◆ Problem requirements
Copy the listing exactly, please, and keep every picture out of it.
── Extracted material ──
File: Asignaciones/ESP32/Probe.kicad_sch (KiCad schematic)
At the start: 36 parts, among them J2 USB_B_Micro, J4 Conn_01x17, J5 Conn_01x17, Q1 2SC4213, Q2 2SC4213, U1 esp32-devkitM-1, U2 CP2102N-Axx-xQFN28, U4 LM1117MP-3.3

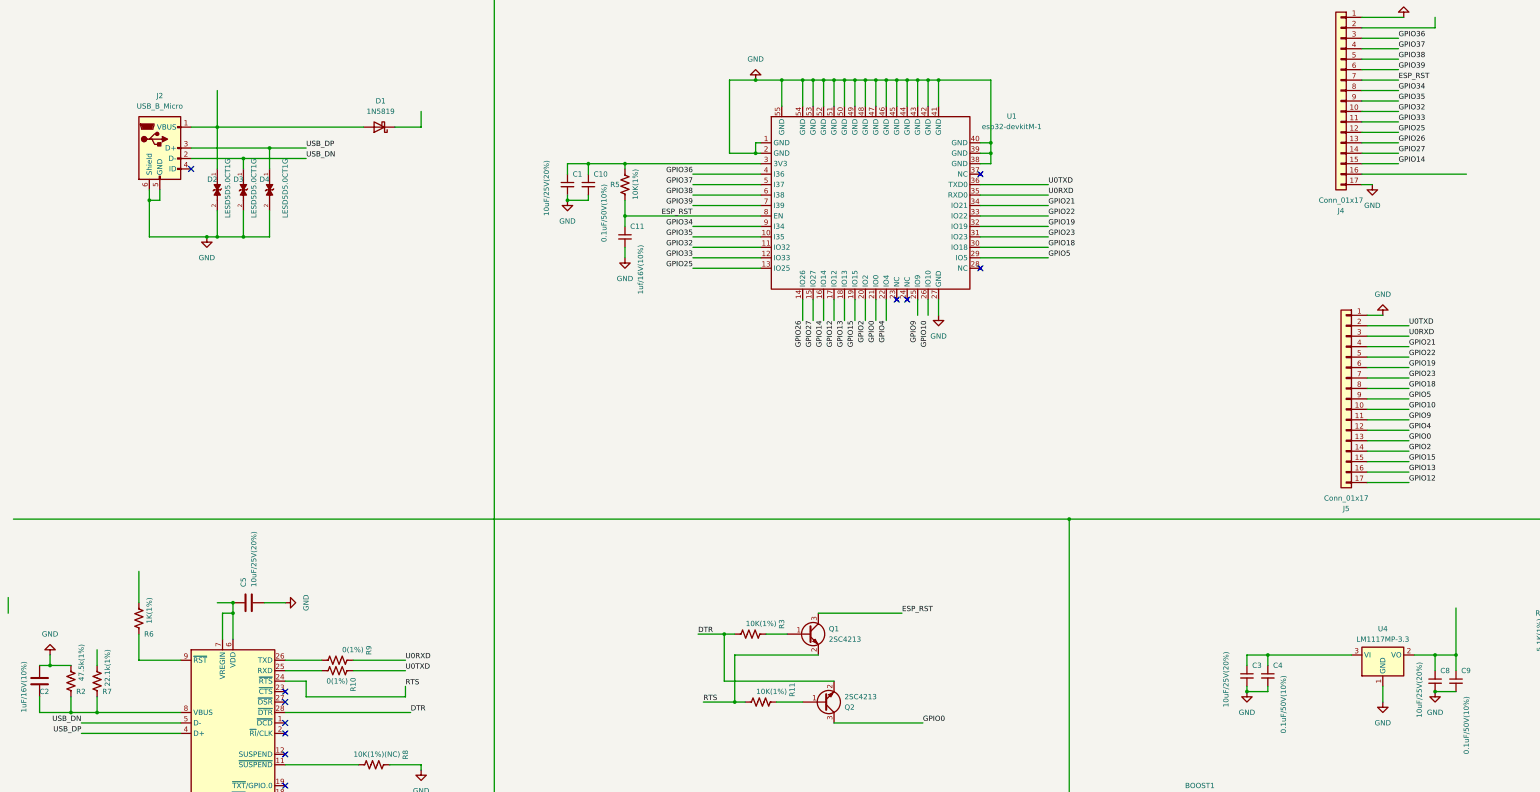
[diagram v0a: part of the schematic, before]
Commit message: Nuevas asignaciones y cambios
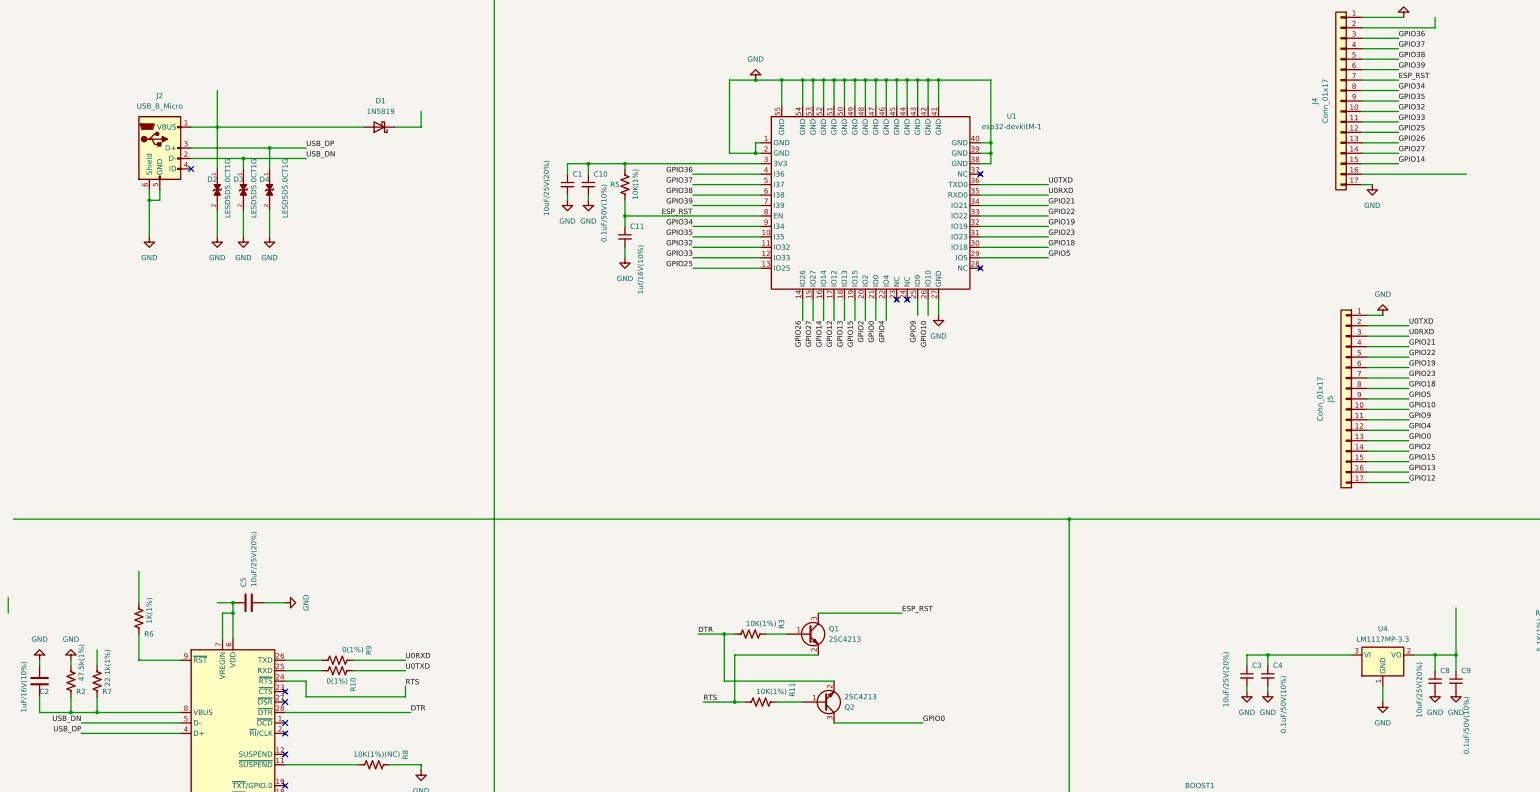
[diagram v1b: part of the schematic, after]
───
◆ Solution for this problem
File: Asignaciones/ESP32/Probe.kicad_sch (KiCad schematic)
At the start: 36 parts, among them J2 USB_B_Micro, J4 Conn_01x17, J5 Conn_01x17, Q1 2SC4213, Q2 2SC4213, U1 esp32-devkitM-1, U2 CP2102N-Axx-xQFN28, U4 LM1117MP-3.3

[diagram v0a: part of the schematic, before]
Commit message: Nuevas asignaciones y cambios
[diagram v1b: part of the schematic, after]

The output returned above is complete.